Segment Open

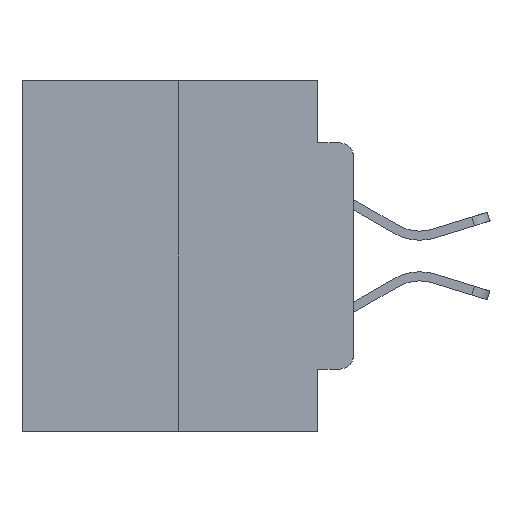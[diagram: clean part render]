
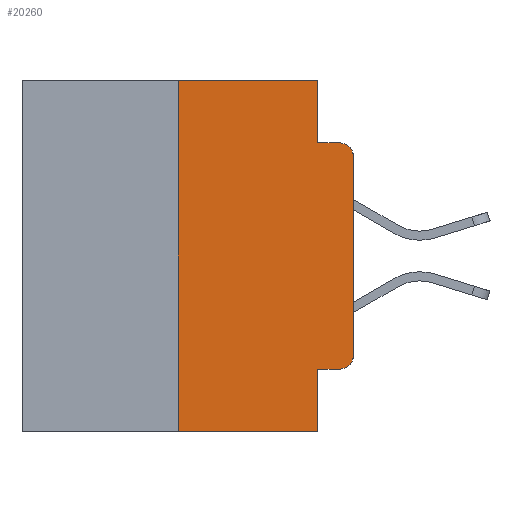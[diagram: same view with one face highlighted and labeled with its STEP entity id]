
A CAD part, left-side view. The second image highlights one B-rep face of the part: STEP entity #20260.
In plain terms, the highlighted planar face has unit normal (-1, 0, 0).
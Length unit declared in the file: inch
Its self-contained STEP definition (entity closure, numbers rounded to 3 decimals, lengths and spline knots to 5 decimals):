
#53 = VECTOR ( 'NONE', #20592, 39.37008 ) ;
#213 = VECTOR ( 'NONE', #5438, 39.37008 ) ;
#410 = CARTESIAN_POINT ( 'NONE',  ( 0., 0.051, -0.5 ) ) ;
#1144 = ORIENTED_EDGE ( 'NONE', *, *, #16914, .T. ) ;
#1160 = CARTESIAN_POINT ( 'NONE',  ( 0., 0.051, 0. ) ) ;
#1276 = DIRECTION ( 'NONE',  ( 0., -1., 0. ) ) ;
#2245 = CARTESIAN_POINT ( 'NONE',  ( 0., 0., -0.1085 ) ) ;
#2374 = DIRECTION ( 'NONE',  ( -1., 0., 0. ) ) ;
#3217 = VERTEX_POINT ( 'NONE', #11364 ) ;
#3238 = CARTESIAN_POINT ( 'NONE',  ( 0., 0.473, -0.5 ) ) ;
#3433 = EDGE_CURVE ( 'NONE', #12104, #4368, #21787, .T. ) ;
#3566 = CARTESIAN_POINT ( 'NONE',  ( 0., 0.473, 0. ) ) ;
#3747 = CARTESIAN_POINT ( 'NONE',  ( 0., 0.051, -0.0885 ) ) ;
#4170 = EDGE_CURVE ( 'NONE', #19887, #25131, #24812, .T. ) ;
#4368 = VERTEX_POINT ( 'NONE', #23387 ) ;
#5438 = DIRECTION ( 'NONE',  ( 0., 0., -1. ) ) ;
#5443 = LINE ( 'NONE', #19983, #15771 ) ;
#5536 = AXIS2_PLACEMENT_3D ( 'NONE', #11735, #25666, #13776 ) ;
#5862 = DIRECTION ( 'NONE',  ( 0., -1., 0. ) ) ;
#6387 = LINE ( 'NONE', #1160, #213 ) ;
#7652 = VERTEX_POINT ( 'NONE', #23363 ) ;
#7864 = VECTOR ( 'NONE', #19340, 39.37008 ) ;
#8234 = EDGE_CURVE ( 'NONE', #7652, #23408, #14620, .T. ) ;
#8360 = ORIENTED_EDGE ( 'NONE', *, *, #4170, .T. ) ;
#8418 = CARTESIAN_POINT ( 'NONE',  ( 0., 0.473, 0. ) ) ;
#8911 = LINE ( 'NONE', #3747, #19001 ) ;
#9456 = VECTOR ( 'NONE', #1276, 39.37008 ) ;
#9957 = DIRECTION ( 'NONE',  ( 0., 0., -1. ) ) ;
#10234 = FACE_OUTER_BOUND ( 'NONE', #20158, .T. ) ;
#10515 = DIRECTION ( 'NONE',  ( 0., -1., 0. ) ) ;
#10983 = ORIENTED_EDGE ( 'NONE', *, *, #3433, .F. ) ;
#11069 = CARTESIAN_POINT ( 'NONE',  ( 0., 0.02, -0.4115 ) ) ;
#11364 = CARTESIAN_POINT ( 'NONE',  ( 0., 0.051, -0.0885 ) ) ;
#11735 = CARTESIAN_POINT ( 'NONE',  ( 0., 0.02, -0.3915 ) ) ;
#12093 = LINE ( 'NONE', #8418, #22702 ) ;
#12104 = VERTEX_POINT ( 'NONE', #25812 ) ;
#12222 = ORIENTED_EDGE ( 'NONE', *, *, #23065, .F. ) ;
#12551 = EDGE_CURVE ( 'NONE', #26238, #19887, #20011, .T. ) ;
#13087 = VERTEX_POINT ( 'NONE', #410 ) ;
#13690 = VERTEX_POINT ( 'NONE', #14684 ) ;
#13776 = DIRECTION ( 'NONE',  ( 0., 0., -1. ) ) ;
#14243 = CARTESIAN_POINT ( 'NONE',  ( 0., 0., -0.3915 ) ) ;
#14453 = ORIENTED_EDGE ( 'NONE', *, *, #24240, .F. ) ;
#14620 = LINE ( 'NONE', #17333, #7864 ) ;
#14684 = CARTESIAN_POINT ( 'NONE',  ( 0., 0.051, 0. ) ) ;
#14813 = CARTESIAN_POINT ( 'NONE',  ( 0., 0.02, -0.1085 ) ) ;
#15086 = ORIENTED_EDGE ( 'NONE', *, *, #17587, .F. ) ;
#15414 = CARTESIAN_POINT ( 'NONE',  ( 0., 0., 0. ) ) ;
#15771 = VECTOR ( 'NONE', #21986, 39.37008 ) ;
#16795 = DIRECTION ( 'NONE',  ( 0., 0., -1. ) ) ;
#16914 = EDGE_CURVE ( 'NONE', #12104, #13087, #25401, .T. ) ;
#17333 = CARTESIAN_POINT ( 'NONE',  ( 0., 0.051, -0.4115 ) ) ;
#17369 = DIRECTION ( 'NONE',  ( 0., 0., 1. ) ) ;
#17587 = EDGE_CURVE ( 'NONE', #13690, #3217, #6387, .T. ) ;
#18481 = ORIENTED_EDGE ( 'NONE', *, *, #12551, .T. ) ;
#18792 = AXIS2_PLACEMENT_3D ( 'NONE', #3566, #21945, #9957 ) ;
#19001 = VECTOR ( 'NONE', #5862, 39.37008 ) ;
#19340 = DIRECTION ( 'NONE',  ( 0., -1., 0. ) ) ;
#19405 = VECTOR ( 'NONE', #17369, 39.37008 ) ;
#19843 = PLANE ( 'NONE',  #18792 ) ;
#19881 = CIRCLE ( 'NONE', #5536, 0.02 ) ;
#19887 = VERTEX_POINT ( 'NONE', #2245 ) ;
#19983 = CARTESIAN_POINT ( 'NONE',  ( 0., 0.051, 0. ) ) ;
#20011 = LINE ( 'NONE', #15414, #19405 ) ;
#20039 = ORIENTED_EDGE ( 'NONE', *, *, #24879, .T. ) ;
#20158 = EDGE_LOOP ( 'NONE', ( #18481, #8360, #14453, #15086, #20969, #10983, #1144, #12222, #24080, #20039 ) ) ;
#20260 = ADVANCED_FACE ( 'NONE', ( #10234 ), #19843, .F. ) ;
#20592 = DIRECTION ( 'NONE',  ( 0., 0., 1. ) ) ;
#20969 = ORIENTED_EDGE ( 'NONE', *, *, #24544, .F. ) ;
#21657 = AXIS2_PLACEMENT_3D ( 'NONE', #14813, #2374, #16795 ) ;
#21787 = LINE ( 'NONE', #22767, #53 ) ;
#21945 = DIRECTION ( 'NONE',  ( 1., 0., 0. ) ) ;
#21986 = DIRECTION ( 'NONE',  ( 0., 0., -1. ) ) ;
#22702 = VECTOR ( 'NONE', #10515, 39.37008 ) ;
#22767 = CARTESIAN_POINT ( 'NONE',  ( 0., 0.25, 0. ) ) ;
#23065 = EDGE_CURVE ( 'NONE', #7652, #13087, #5443, .T. ) ;
#23363 = CARTESIAN_POINT ( 'NONE',  ( 0., 0.051, -0.4115 ) ) ;
#23387 = CARTESIAN_POINT ( 'NONE',  ( 0., 0.25, 0. ) ) ;
#23408 = VERTEX_POINT ( 'NONE', #11069 ) ;
#24080 = ORIENTED_EDGE ( 'NONE', *, *, #8234, .T. ) ;
#24240 = EDGE_CURVE ( 'NONE', #3217, #25131, #8911, .T. ) ;
#24373 = CARTESIAN_POINT ( 'NONE',  ( 0., 0.02, -0.0885 ) ) ;
#24544 = EDGE_CURVE ( 'NONE', #4368, #13690, #12093, .T. ) ;
#24812 = CIRCLE ( 'NONE', #21657, 0.02 ) ;
#24879 = EDGE_CURVE ( 'NONE', #23408, #26238, #19881, .T. ) ;
#25131 = VERTEX_POINT ( 'NONE', #24373 ) ;
#25401 = LINE ( 'NONE', #3238, #9456 ) ;
#25666 = DIRECTION ( 'NONE',  ( -1., 0., 0. ) ) ;
#25812 = CARTESIAN_POINT ( 'NONE',  ( 0., 0.25, -0.5 ) ) ;
#26238 = VERTEX_POINT ( 'NONE', #14243 ) ;

Segment Closed

**THE TASK:** Please, from the entries above, set down exactly the lines from the one containing "#19983 = CARTESIAN_POINT" through the one containing "#21657 = AXIS2_PLACEMENT_3D", and only those.

**EXPECTED ANSWER:**
#19983 = CARTESIAN_POINT ( 'NONE',  ( 0., 0.051, 0. ) ) ;
#20011 = LINE ( 'NONE', #15414, #19405 ) ;
#20039 = ORIENTED_EDGE ( 'NONE', *, *, #24879, .T. ) ;
#20158 = EDGE_LOOP ( 'NONE', ( #18481, #8360, #14453, #15086, #20969, #10983, #1144, #12222, #24080, #20039 ) ) ;
#20260 = ADVANCED_FACE ( 'NONE', ( #10234 ), #19843, .F. ) ;
#20592 = DIRECTION ( 'NONE',  ( 0., 0., 1. ) ) ;
#20969 = ORIENTED_EDGE ( 'NONE', *, *, #24544, .F. ) ;
#21657 = AXIS2_PLACEMENT_3D ( 'NONE', #14813, #2374, #16795 ) ;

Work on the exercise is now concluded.